Introduction
Text collections are essential for research in different fields like: information retrieval, computational linguistics and natural language processing. Hamshahri collection is a standard reliable Persian text collection that was used at Cross Language Evaluation Forum (CLEF) during years 2008 and 2009 for evaluation of Persian information retrieval systems. For more information please visit Persian@CLEF2008 and Persian@CLEF2009.
We have prepared this collection to meet the following specifications:
-
It's large enough, so that it can be a reliable representative for Persian text and can be used in different experiments.
-
It contains queries and their relevance judgments for evaluation of different systems.
Versions
Documents of the collection are prepared by crawling, preprocessing and tagging of web site of the Hamshahri news paper. Version 1 of the collection was used at CLEF 2008 and 2009 for evaluation of Ad Hoc information retrieval systems. Version 2 of the collection is twice in size compared to the previous version .

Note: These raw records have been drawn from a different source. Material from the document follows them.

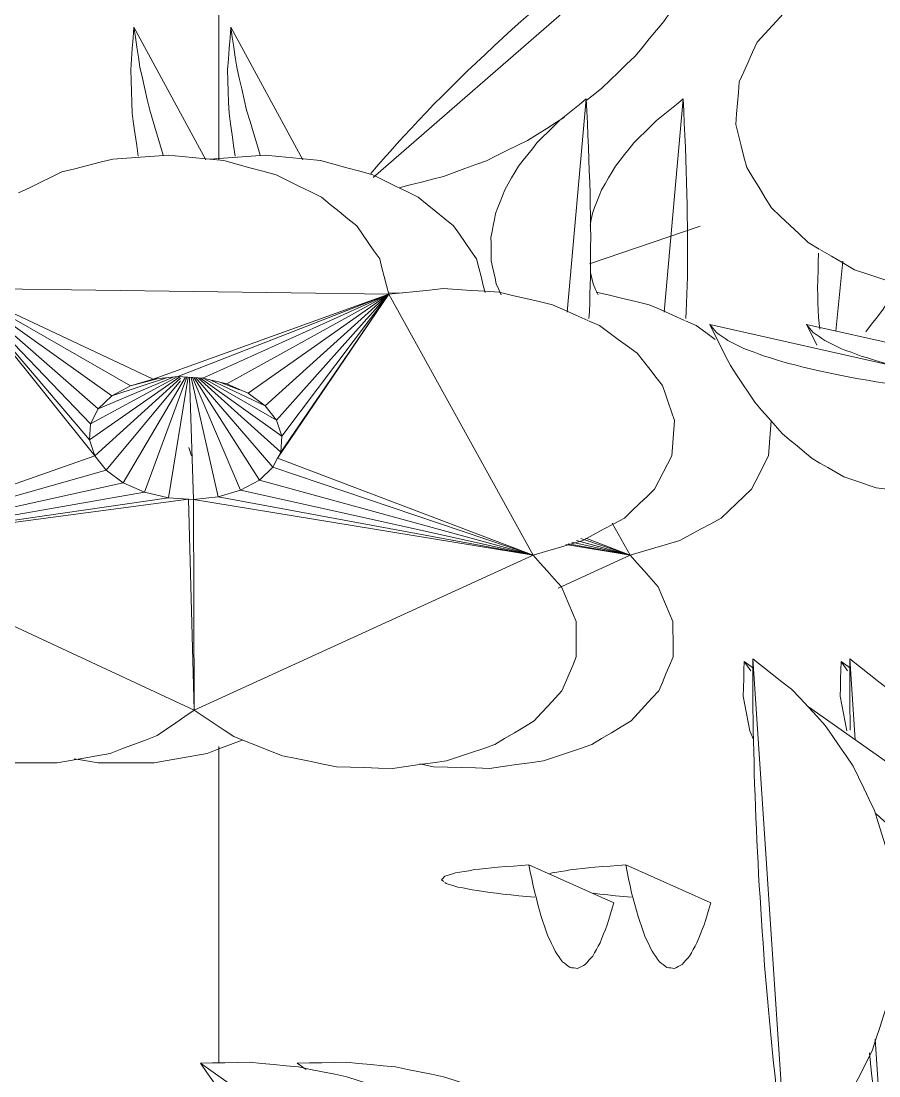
# Model space of a CAD drawing. Header units: metres. Extents: x 10.2 to 20.8, y -0.2 to 6.6.
# Drawn here: x 14.5478 to 14.6224, y 1.4089 to 1.5007 of the extents above; entities that cross this region are included whole.
import ezdxf

# ---------------------------------------------------------------- set-up
doc = ezdxf.new("R2010")
doc.units = ezdxf.units.M
for name, color, linetype, lineweight in [('Importações nas famílias', 250, 'Continuous', 5), ('Pilares estruturais', 7, 'Continuous', 5), ('Vegetação', 7, 'Continuous', 5)]:
    doc.layers.add(name, color=color, linetype=linetype, lineweight=lineweight)

# ---------------------------------------------------------------- blocks, each defined once
blk = doc.blocks.new('Planta_pergolado_12200 - plantas pergolado_skp_Component_12-V3474-Corte 3')
at = {"layer": 'Importações nas famílias'}
blk.add_line((14.563402, 2.02062), (14.596081, 1.997517), dxfattribs=at)
at = {"layer": 'Importações nas famílias', "flags": 128}
for points in [[(14.567663, 2.020685), (14.566598, 2.020669), (14.565533, 2.020652), (14.564467, 2.020636), (14.563402, 2.02062)], [(14.563402, 2.02062), (14.56397, 2.019805), (14.564537, 2.018989), (14.565105, 2.018173), (14.565672, 2.017358)], [(14.571937, 2.020285), (14.570869, 2.020385), (14.5698, 2.020485), (14.568732, 2.020585), (14.567663, 2.020685)], [(14.576126, 2.01943), (14.575079, 2.019644), (14.574032, 2.019857), (14.572985, 2.020071), (14.571937, 2.020285)], [(14.580129, 2.01814), (14.579128, 2.018463), (14.578128, 2.018785), (14.577127, 2.019107), (14.576126, 2.01943)], [(14.583854, 2.016446), (14.582923, 2.016869), (14.581992, 2.017293), (14.581061, 2.017717), (14.580129, 2.01814)], [(14.565672, 2.017358), (14.566285, 2.016579), (14.566898, 2.0158), (14.567511, 2.015021), (14.568124, 2.014242)], [(14.587213, 2.014386), (14.586374, 2.014901), (14.585534, 2.015416), (14.584694, 2.015931), (14.583854, 2.016446)], [(14.568124, 2.014242), (14.568776, 2.013508), (14.569427, 2.012774), (14.570079, 2.012041), (14.570731, 2.011307)], [(14.590128, 2.012011), (14.589399, 2.012605), (14.588671, 2.013198), (14.587942, 2.013792), (14.587213, 2.014386)], [(14.592529, 2.009374), (14.591929, 2.010033), (14.591328, 2.010692), (14.590728, 2.011351), (14.590128, 2.012011)], [(14.570731, 2.011307), (14.571414, 2.010627), (14.572097, 2.009947), (14.57278, 2.009267), (14.573463, 2.008587)], [(14.59436, 2.006538), (14.593903, 2.007247), (14.593445, 2.007956), (14.592987, 2.008665), (14.592529, 2.009374)], [(14.573463, 2.008587), (14.574171, 2.007968), (14.574878, 2.007349), (14.575585, 2.00673), (14.576292, 2.006111)], [(14.59558, 2.00357), (14.595275, 2.004312), (14.59497, 2.005054), (14.594665, 2.005796), (14.59436, 2.006538)], [(14.576292, 2.006111), (14.577015, 2.00556), (14.577738, 2.005008), (14.578461, 2.004457), (14.579184, 2.003906)], [(14.579184, 2.003906), (14.579915, 2.003429), (14.580646, 2.002952), (14.581377, 2.002475), (14.582109, 2.001998)], [(14.596158, 2.000539), (14.596013, 2.001297), (14.595869, 2.002055), (14.595724, 2.002812), (14.59558, 2.00357)], [(14.582109, 2.001998), (14.58284, 2.001601), (14.583571, 2.001203), (14.584301, 2.000805), (14.585032, 2.000408)], [(14.585032, 2.000408), (14.585755, 2.000094), (14.586478, 1.99978), (14.587201, 1.999466), (14.587923, 1.999152)], [(14.596081, 1.997517), (14.5961, 1.998272), (14.596119, 1.999028), (14.596139, 1.999784), (14.596158, 2.000539)], [(14.587923, 1.999152), (14.58863, 1.998926), (14.589336, 1.998699), (14.590043, 1.998472), (14.590749, 1.998246)], [(14.590749, 1.998246), (14.591432, 1.998109), (14.592114, 1.997972), (14.592796, 1.997835), (14.593479, 1.997699)], [(14.593479, 1.997699), (14.594129, 1.997653), (14.59478, 1.997608), (14.595431, 1.997562), (14.596081, 1.997517)]]:
    blk.add_lwpolyline(points, dxfattribs=at)
blk = doc.blocks.new('Planta_pergolado_12200 - plantas pergolado_skp_Component_12-V3475-Corte 3')
at = {"layer": 'Importações nas famílias'}
blk.add_line((14.611436, 2.055797), (14.614391, 2.011394), dxfattribs=at)
at = {"layer": 'Importações nas famílias', "flags": 128}
for points in [[(14.614808, 2.053144), (14.613965, 2.053807), (14.613122, 2.05447), (14.612279, 2.055134), (14.611436, 2.055797)], [(14.611436, 2.055797), (14.611436, 2.054929), (14.611437, 2.054062), (14.611437, 2.053194), (14.611438, 2.052327)], [(14.611438, 2.052327), (14.611451, 2.051413), (14.611464, 2.0505), (14.611477, 2.049586), (14.61149, 2.048673)], [(14.617741, 2.050008), (14.617008, 2.050792), (14.616275, 2.051576), (14.615541, 2.05236), (14.614808, 2.053144)], [(14.620165, 2.046464), (14.619559, 2.04735), (14.618953, 2.048236), (14.618347, 2.049122), (14.617741, 2.050008)], [(14.61149, 2.048673), (14.611516, 2.047724), (14.611541, 2.046775), (14.611567, 2.045826), (14.611592, 2.044877)], [(14.622023, 2.042594), (14.621558, 2.043562), (14.621094, 2.044529), (14.620629, 2.045497), (14.620165, 2.046464)], [(14.611592, 2.044877), (14.61163, 2.043902), (14.611667, 2.042928), (14.611705, 2.041954), (14.611743, 2.04098)], [(14.623271, 2.03849), (14.622959, 2.039516), (14.622647, 2.040542), (14.622335, 2.041568), (14.622023, 2.042594)], [(14.611743, 2.04098), (14.611792, 2.039991), (14.611841, 2.039003), (14.611891, 2.038014), (14.61194, 2.037026)], [(14.623882, 2.034247), (14.623729, 2.035308), (14.623577, 2.036369), (14.623424, 2.037429), (14.623271, 2.03849)], [(14.61194, 2.037026), (14.612001, 2.036034), (14.612061, 2.035042), (14.612122, 2.03405), (14.612182, 2.033058)], [(14.623839, 2.029966), (14.62385, 2.031036), (14.62386, 2.032107), (14.623871, 2.033177), (14.623882, 2.034247)], [(14.612182, 2.033058), (14.612253, 2.032074), (14.612324, 2.03109), (14.612395, 2.030106), (14.612466, 2.029122)], [(14.623144, 2.025746), (14.623318, 2.026801), (14.623492, 2.027856), (14.623665, 2.028911), (14.623839, 2.029966)], [(14.612466, 2.029122), (14.612547, 2.028156), (14.612628, 2.027191), (14.612708, 2.026225), (14.612789, 2.02526)], [(14.621814, 2.021687), (14.622146, 2.022702), (14.622479, 2.023717), (14.622812, 2.024731), (14.623144, 2.025746)], [(14.612789, 2.02526), (14.612878, 2.024324), (14.612968, 2.023388), (14.613057, 2.022452), (14.613147, 2.021516)], [(14.613147, 2.021516), (14.613244, 2.020619), (14.613342, 2.019723), (14.613439, 2.018826), (14.613536, 2.01793)], [(14.619879, 2.017884), (14.620363, 2.018835), (14.620846, 2.019785), (14.62133, 2.020736), (14.621814, 2.021687)], [(14.613536, 2.01793), (14.61364, 2.017083), (14.613744, 2.016237), (14.613848, 2.01539), (14.613953, 2.014544)], [(14.617385, 2.014426), (14.618009, 2.01529), (14.618632, 2.016155), (14.619256, 2.017019), (14.619879, 2.017884)], [(14.613953, 2.014544), (14.614062, 2.013756), (14.614172, 2.012969), (14.614281, 2.012181), (14.614391, 2.011394)], [(14.614391, 2.011394), (14.61514, 2.012152), (14.615888, 2.01291), (14.616637, 2.013668), (14.617385, 2.014426)]]:
    blk.add_lwpolyline(points, dxfattribs=at)
blk = doc.blocks.new('Planta_pergolado_12200 - plantas pergolado_skp_Component_16-V3798-Corte 3')
for name in ['Planta_pergolado_12200 - plantas pergolado_skp_Component_12-V3475-Corte 3', 'Planta_pergolado_12200 - plantas pergolado_skp_Component_12-V3474-Corte 3']:
    blk.add_blockref(name, (0, -0.610611))
blk = doc.blocks.new('Planta_pergolado_12200 - plantas pergolado_skp_Component_12-V3509-Corte 3')
at = {"layer": 'Importações nas famílias'}
for p, q in [((14.578434, 2.097664), (14.61029, 2.125456)), ((14.578724, 2.098619), (14.578233, 2.098015))]:
    blk.add_line(p, q, dxfattribs=at)
at = {"layer": 'Importações nas famílias', "flags": 128}
for points in [[(14.61029, 2.125456), (14.609708, 2.125124), (14.609125, 2.124791), (14.608543, 2.124458), (14.60796, 2.124126)], [(14.609222, 2.121673), (14.609489, 2.122619), (14.609756, 2.123564), (14.610023, 2.12451), (14.61029, 2.125456)], [(14.60796, 2.124126), (14.607299, 2.123698), (14.606637, 2.123271), (14.605976, 2.122844), (14.605314, 2.122416)], [(14.605314, 2.122416), (14.604589, 2.121904), (14.603864, 2.121392), (14.603139, 2.12088), (14.602414, 2.120367)], [(14.607757, 2.118017), (14.608123, 2.118931), (14.608489, 2.119845), (14.608856, 2.120759), (14.609222, 2.121673)], [(14.602414, 2.120367), (14.601643, 2.119782), (14.600871, 2.119197), (14.6001, 2.118612), (14.599329, 2.118027)], [(14.599329, 2.118027), (14.598529, 2.117383), (14.597729, 2.116739), (14.59693, 2.116095), (14.59613, 2.115451)], [(14.605912, 2.114531), (14.606373, 2.115403), (14.606835, 2.116274), (14.607296, 2.117146), (14.607757, 2.118017)], [(14.59613, 2.115451), (14.595321, 2.114763), (14.594511, 2.114075), (14.593702, 2.113387), (14.592893, 2.112699)], [(14.603708, 2.111252), (14.604259, 2.112072), (14.60481, 2.112891), (14.605361, 2.113711), (14.605912, 2.114531)], [(14.592893, 2.112699), (14.592093, 2.111983), (14.591293, 2.111267), (14.590493, 2.110551), (14.589693, 2.109835)], [(14.601168, 2.108217), (14.601803, 2.108975), (14.602438, 2.109734), (14.603073, 2.110493), (14.603708, 2.111252)], [(14.589693, 2.109835), (14.588922, 2.109109), (14.58815, 2.108382), (14.587378, 2.107655), (14.586607, 2.106928)], [(14.598322, 2.105459), (14.599033, 2.106148), (14.599745, 2.106838), (14.600457, 2.107527), (14.601168, 2.108217)], [(14.586607, 2.106928), (14.585881, 2.106207), (14.585156, 2.105486), (14.58443, 2.104765), (14.583705, 2.104045)], [(14.59694, 2.104375), (14.597541, 2.104847), (14.598322, 2.105459)], [(14.583705, 2.104045), (14.583043, 2.103347), (14.582381, 2.102649), (14.581719, 2.101951), (14.581057, 2.101253)], [(14.591838, 2.100896), (14.592678, 2.101424), (14.593519, 2.101953), (14.59436, 2.102481), (14.595055, 2.102918)], [(14.581057, 2.101253), (14.580474, 2.100595), (14.57989, 2.099936), (14.579307, 2.099277), (14.578724, 2.098619)], [(14.588272, 2.099141), (14.589164, 2.09958), (14.590055, 2.100018), (14.590946, 2.100457), (14.591838, 2.100896)], [(14.584543, 2.097765), (14.585475, 2.098109), (14.586408, 2.098453), (14.58734, 2.098797), (14.588272, 2.099141)], [(14.580692, 2.096782), (14.581655, 2.097027), (14.582618, 2.097273), (14.58358, 2.097519), (14.584543, 2.097765)]]:
    blk.add_lwpolyline(points, dxfattribs=at)
blk = doc.blocks.new('Planta_pergolado_12200 - plantas pergolado_skp_Component_12-V3818-Corte 3')
at = {"layer": 'Importações nas famílias'}
for p, q in [((14.621477, 1.506232), (14.621218, 1.505231)), ((14.621691, 1.505106), (14.621803, 1.506266)), ((14.618665, 1.473705), (14.619251, 1.479783))]:
    blk.add_line(p, q, dxfattribs=at)
at = {"layer": 'Importações nas famílias', "flags": 128}
for points in [[(14.617156, 1.48047), (14.617132, 1.47971), (14.617108, 1.478951), (14.617085, 1.478191), (14.617061, 1.477431)], [(14.62278, 1.475601), (14.623201, 1.476311), (14.623622, 1.477021), (14.624043, 1.477731)], [(14.617061, 1.477431), (14.61708, 1.476792), (14.617099, 1.476152), (14.617119, 1.475512), (14.617138, 1.474873)], [(14.62125, 1.473637), (14.62176, 1.474291), (14.62227, 1.474946), (14.62278, 1.475601)], [(14.617138, 1.474873), (14.6172, 1.474368), (14.617262, 1.473863)]]:
    blk.add_lwpolyline(points, dxfattribs=at)
blk = doc.blocks.new('Planta_pergolado_12200 - plantas pergolado_skp_Component_17-V3820-Corte 3')
at = {"layer": 'Importações nas famílias'}
blk.add_line((14.617214, 1.480842), (14.616256, 1.481402), dxfattribs=at)
at = {"layer": 'Importações nas famílias', "flags": 128}
for points in [[(14.611802, 1.498832), (14.612471, 1.499564), (14.613141, 1.500297), (14.61381, 1.501029), (14.61448, 1.501762)], [(14.610258, 1.495392), (14.610644, 1.496252), (14.61103, 1.497112), (14.611416, 1.497972), (14.611802, 1.498832)], [(14.609953, 1.491677), (14.610029, 1.492606), (14.610105, 1.493535), (14.610181, 1.494463), (14.610258, 1.495392)], [(14.610908, 1.48794), (14.610669, 1.488874), (14.61043, 1.489809), (14.610191, 1.490743), (14.609953, 1.491677)], [(14.613057, 1.484435), (14.61252, 1.485311), (14.611982, 1.486188), (14.611445, 1.487064), (14.610908, 1.48794)], [(14.616256, 1.481402), (14.615456, 1.48216), (14.614657, 1.482919), (14.613857, 1.483677), (14.613057, 1.484435)], [(14.620284, 1.479047), (14.619277, 1.479635), (14.61827, 1.480224), (14.617263, 1.480813)], [(14.624869, 1.47753), (14.623723, 1.477909), (14.622577, 1.478288), (14.62143, 1.478667), (14.620284, 1.479047)]]:
    blk.add_lwpolyline(points, dxfattribs=at)
blk = doc.blocks.new('Planta_pergolado_12200 - plantas pergolado_skp_Component_16-V3821-Corte 3')
for name, p in [('Planta_pergolado_12200 - plantas pergolado_skp_Component_17-V3820-Corte 3', (0, 0)), ('Planta_pergolado_12200 - plantas pergolado_skp_Component_12-V3509-Corte 3', (0, -0.610611)), ('Planta_pergolado_12200 - plantas pergolado_skp_Component_12-V3818-Corte 3', (0, 0))]:
    blk.add_blockref(name, p)
blk = doc.blocks.new('Planta_pergolado_12200 - plantas pergolado_skp_Component_12-V3515-Corte 3')
at = {"layer": 'Importações nas famílias'}
for p, q in [((14.571826, 2.02062), (14.572606, 2.020069)), ((14.595273, 2.004043), (14.604505, 1.997517))]:
    blk.add_line(p, q, dxfattribs=at)
at = {"layer": 'Importações nas famílias', "flags": 128}
for points in [[(14.576086, 2.020685), (14.575021, 2.020669), (14.573956, 2.020652), (14.572891, 2.020636), (14.571826, 2.02062)], [(14.580361, 2.020285), (14.579292, 2.020385), (14.578224, 2.020485), (14.577155, 2.020585), (14.576086, 2.020685)], [(14.584549, 2.01943), (14.583502, 2.019644), (14.582455, 2.019857), (14.581408, 2.020071), (14.580361, 2.020285)], [(14.588553, 2.01814), (14.587552, 2.018463), (14.586551, 2.018785), (14.58555, 2.019107), (14.584549, 2.01943)], [(14.592278, 2.016446), (14.591347, 2.016869), (14.590415, 2.017293), (14.589484, 2.017717), (14.588553, 2.01814)], [(14.595637, 2.014386), (14.594797, 2.014901), (14.593957, 2.015416), (14.593118, 2.015931), (14.592278, 2.016446)], [(14.598551, 2.012011), (14.597823, 2.012605), (14.597094, 2.013198), (14.596365, 2.013792), (14.595637, 2.014386)], [(14.600952, 2.009374), (14.600352, 2.010033), (14.599752, 2.010692), (14.599151, 2.011351), (14.598551, 2.012011)], [(14.602784, 2.006538), (14.602326, 2.007247), (14.601868, 2.007956), (14.60141, 2.008665), (14.600952, 2.009374)], [(14.604003, 2.00357), (14.603698, 2.004312), (14.603394, 2.005054), (14.603089, 2.005796), (14.602784, 2.006538)], [(14.604581, 2.000539), (14.604437, 2.001297), (14.604292, 2.002055), (14.604148, 2.002812), (14.604003, 2.00357)], [(14.604505, 1.997517), (14.604524, 1.998272), (14.604543, 1.999028), (14.604562, 1.999784), (14.604581, 2.000539)], [(14.596347, 1.999152), (14.597053, 1.998926), (14.59776, 1.998699), (14.598466, 1.998472), (14.599173, 1.998246)], [(14.599173, 1.998246), (14.599855, 1.998109), (14.600537, 1.997972), (14.60122, 1.997835), (14.601902, 1.997699)], [(14.601902, 1.997699), (14.602553, 1.997653), (14.603203, 1.997608), (14.603854, 1.997562), (14.604505, 1.997517)]]:
    blk.add_lwpolyline(points, dxfattribs=at)
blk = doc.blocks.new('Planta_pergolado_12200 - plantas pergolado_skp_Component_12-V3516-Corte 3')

- Version2 of the collection contains a topic set of 50 queries and their judgment that was created by 25 different users during summer 2009. Topics of this version of Hamshahri were created using the University of Tehran Information Retrieval Evaluation system (UTIRE).
Specifications
The following table summarizes specifications of the two versions of Hamshahri collection:
Criteria |
Version 1 |
Version 2 |
Size (Unicode CLEF XML Format) |
700 MB |
1400 MB |
Number of Documents |
160,000 |
318,000 |
Documents Time Span |
From |
1996/4/23 |
1996/4/23 |
To |
2003/2/11 |
2007/5/13 |
Documents Category |
Yes |
Yes |
Link to Images |
No |
Yes |
| Link to Original Webpages |
No |
Yes |
Query + Relevance Judgments |
Yes |
Yes |
Comparison of Versions 1&2
-
Version 2 is more structured.
-
Size and number of documents of version 2 is twice more than version 1.
-
Version 2 contains links to the original webpages (ORIGINALFILE XML tag). This feature enables you to download the original webpages and process them as however you like.
-
Version 2 contains images that were used in the original webpages. All 148,639 Images are downloadable in form of a package named 'Ham2-IMG' that is 1.9 GB. This feature, makes version 2 of the collection suitable for some other tasks like image retrieval.
Please note that only version 1 of the collection was used at the CLEF campaign.
Applications
Hamshahri collection can be used for different purposes like:
Studying different features of information retrieval algorithms like indexers and retrieval models.
-
Analyzing the Persian language and its features
-
Persian clustering and classification: All documents of the collection contain a 'Cat' tag that specifies thier category. (Totally 9 main categories and 36 subcategories like 'Economic.Bourse')
-
Other algorithms like Persian stemming: this type of algorithms are important that are used in different fields like information retrieval, spell checking, machine translation, Etc. Documents of the collection are prepared from articles of the Hamshahri newspaper and contains no spelling errors that makes it suitable for applications like stemming and analysis of the Persian language. For example one can use it to create a statistical Persian stemmer.
Copyright
Hamshahri corpus is created at DBRG Lab. of the University of Tehran – ECE department. All rights of the corpus' news are reserved for Hamshahri newspaper. All rights of the corpus' data and the tools that are included in this website are reserved for University of Tehran - Database Research Group. Usage of this package for any research or non-commercial purposes is free with the precondition that you cite paper number [1] of publications section.